A puzzle I saw via @HAClaphamSixth, but whose originator they don’t know:

What integer pairs $(n,k)$ satisfy $n! + 8 = 2^k$? How do you know you have them all?

This is not a problem I know the answer to! I shall attempt problem-solving out loud, with spoilers below the line!

Two thoughts jumped to mind:

• 24 + 8 = 32, so $(4,5)$ works. (Brute force some solutions)
• 8 is also a power of 2.

The first observation is a nice answer, but nothing like a solution. The second feels more likely to be productive.

So, we can rewrite our criterion as $n! = 2^k - 2^3$, or even $n! = 2^3\left(2^{k-3}-1\right)$.

That makes it clear that $n=4$ is the smallest that can possibly work – 24 is the first factorial that’s a multiple of 8.

At this point, I’m drawn to the fact that all of the factorials larger than 4! end in 0. Explore your hunches.

So, we’re only going to have other solutions when $2^{k-3}-1$ is a multiple of 5 – which only happens when $2^{k-3}$ ends in a 6.

In fact, I’m going to change my notation and go back to $2^k - 8$ as my expression of interest. It’s a bit easier to work with – and now I need $2^k$ to end in 8.
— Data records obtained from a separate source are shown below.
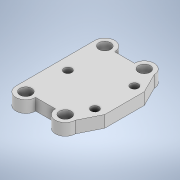
# Autodesk Inventor part: Camera_Mount_DFK33GP006
Saved by Autodesk Inventor 2021 (Build 250183000, 183)
## iProperties
Created: 2022-02-02
Part Number: Camera_Mount_DFK33GP006
Material: Generic
Document SubType Name: Modeling
Designer: Jorian Brusind
Density: 1 g/cm^3
Appearance: Default
Author: Jorian Brusind
Autodesk Inventor part; units mm, degrees
ref_plane "YZ Plane" through (0, 0, 0) normal (1, 0, 0) x (0, 1, 0)
ref_plane "XZ Plane" through (0, 0, 0) normal (0, 1, 0) x (-1, 0, 0)
ref_plane "XY Plane" through (0, 0, 0) normal (0, 0, 1) x (1, 0, 0)
sketch "Sketch1" plane through (0, 0, 0) normal (0, 1, 0) x (-1, 0, 0)
  line L0 (0, 0) -> (40, 0)
  line L1 (40, 0) -> (40, -50)
  line L2 (40, -50) -> (0, -50)
  line L3 (0, -50) -> (0, 0)
  line L4 (0, -25) -> (5, -25)
  line L5 (5, -25) -> (28.7, -25)
  line L6 (5, -25) -> (5, -15)
  line L7 (5, -25) -> (5, -35)
  circle A0 centre (5, -15) radius 2
  circle A1 centre (5, -35) radius 2
  circle A2 centre (28.7, -25) radius 2
  line L8 (40, 0) -> (30, 0)
  line L9 (30, 0) -> (30, -5)
  circle A3 centre (30, -5) radius 3
  circle A4 centre (30, -45) radius 3
  circle A5 centre (10, -5) radius 3
  circle A6 centre (10, -45) radius 3
  circle A7 centre (30, -5) radius 5
  circle A8 centre (10, -5) radius 5
  circle A9 centre (30, -45) radius 5
  circle A10 centre (10, -45) radius 5
  line L10 (0, -15) -> (5, -15)
  line L11 (5, -35) -> (0, -35)
  line L12 (10, -5) -> (5, -5)
  line L13 (5, -5) -> (0, -15)
  line L14 (5, -23) -> (28.7, -23)
  line L15 (28.7, -23) -> (28.7, -27)
  line L16 (28.7, -27) -> (5, -27)
  line L17 (5, -27) -> (5, -23)
  line L18 (5, -23) -> (28.7, -27) construction
  line L19 (28.7, -23) -> (5, -27) construction
  line L20 (25, -5) -> (25, -23)
  line L21 (25, -27) -> (25, -45)
  line L22 (30, -5) -> (35, -5)
  line L23 (35, -5) -> (35, -45)
  line L24 (15, -5) -> (15, -23)
  line L25 (15, -45) -> (15, -27)
  line L26 (0, -35) -> (5, -45)
  line L27 (25, -45) -> (15, -45)
  line L28 (25, -5) -> (15, -5)
  point P0 (10, 0)
  point P1 (30, -40)
  point P2 (10, -40)
  point P3 (16.85, -25)
  point P4 (33, -5)
  point P5 (30, -2)
  dimension "d0" = 40
  dimension "d1" = 50
  dimension "d2" = 5
  dimension "d3" = 23.7
  dimension "d4" = 10
  dimension "d5" = 10
  dimension "d6" = 4
  dimension "d7" = 4
  dimension "d8" = 4
  dimension "d9" = 10
  dimension "d10" = 5
  dimension "d11" = 6
  dimension "d14" = 40
  dimension "d17" = 20
  dimension "d22" = 20
  dimension "d25" = 40
  dimension "d28" = 23.7
  dimension "d29" = 4
  dimension "d30" = 18
  dimension "d31" = 18
  dimension "d32" = 18
  dimension "d33" = 18
  dimension "d34" = 10
  constraints: 58 end point, 12 point on circle, 11 centre point, 8 point on line, 7 horizontal, 7 perpendicular, 6 parallel, 5 coincident, 4 midpoint, 3 vertical, 2 tangent, 15 other
  measures "d0" distance of L1.end L2.end
  measures "d1" distance of L0.end L1.end
  measures "d2" distance of L4.start L4.end
  measures "d3" distance of L4.end L5.end
  measures "d4" distance of L4.end L6.end
  measures "d5" distance of L4.end L7.end
  measures "d6" diameter of A0
  measures "d7" diameter of A1
  measures "d8" diameter of A2
  measures "d9" distance of L0.end L8.end
  measures "d10" distance of L8.end L9.end
  measures "d11" diameter of A3
  measures "d14" distance of A3.centre A4.centre
  measures "d17" distance of A3.centre A5.centre
  measures "d22" distance of L22.start L12.start
  measures "d25" distance of L22.start A9.centre
  measures "d28" distance of L15.end L16.end
  measures "d29" distance of L14.end L15.end
  measures "d30" distance of L20.start L20.end
  measures "d31" distance of L21.start L21.end
  measures "d32" distance of L24.start L24.end
  measures "d33" distance of L25.start L25.end
  measures "d34" vertical distance of L11.end L26.end
extrude "Extrusion1" add sketch "Sketch1" along normal blind 6 contours A7 L22 A3 L9 | L9 A3 L22 A7 | A8 | L23 A9 L21 L16 A2 L14 L20 A7 | L20 L14 L24 L28 | L24 L14 L6 A0 L10 L13 A8 | A9 | L14 A2 L5 L6 | L10 A0 L6 L4 L3 | L27 L25 L16 L21 | A10 | L4 L7 A1 L11 L3 | L16 L7 L5 A2 | A10 L26 L11 A1 L7 L16 L25
body "Solid1"

That happens for $k = 3, 7, 11, \dots, 4a-1, \dots$ . Clearly it doesn’t work for $k=3$ because 0 is not a factorial number, but how about 7? 128 - 8 = 120, which is 5! and we have a second solution of $(5,7)$.

Let’s look at $k=11$, which gives us 2040, which isn’t a factorial. $k=15$ gives 32,760, which is again not a factorial, and $k=19$ gives 524,280. Nope.

$k=23$ is also a fail, but an interesting one: it’s 8,388,600 – this is the first one (discounting, in some sense, 0) that ends in two zeros, as all of the factorials beyond this point will. From here, we’d need to look up in 20s rather than in fours.

$k=43$ gives 8,796,093,022,200, which is between 15! and 16! – and these end with three zeros rather than just 2.

$k=103$ is the first power of two that ends 008, but the factorials at this point end in five zeros! I wonder if there’s an idea here.

I’m looking for $k$ such that $2^k \pmod {10^p} \equiv 8$, with $k> 3$. That’s a bit tedious.

Aha! A judicious application of the think carefully before you do hard work principle pays dividends! It’s not 10s I should be looking at, it’s 2s. Or rather, 16s.

Every factorial from 6! and up is a multiple of 16. But $2^k - 8$ is not a multiple of 16 unless $k=3$ – for $k>3$, it’s always 8 away from a multiple of 16.

Therefore, any solutions to $n! +8 =2^k$ must have $n < 6$ – and we’ve examined all of those cases already!

So the only solutions are $(4,5)$ and $(5,7)$. Neat!

Did you approach it differently? Do tell me all about it!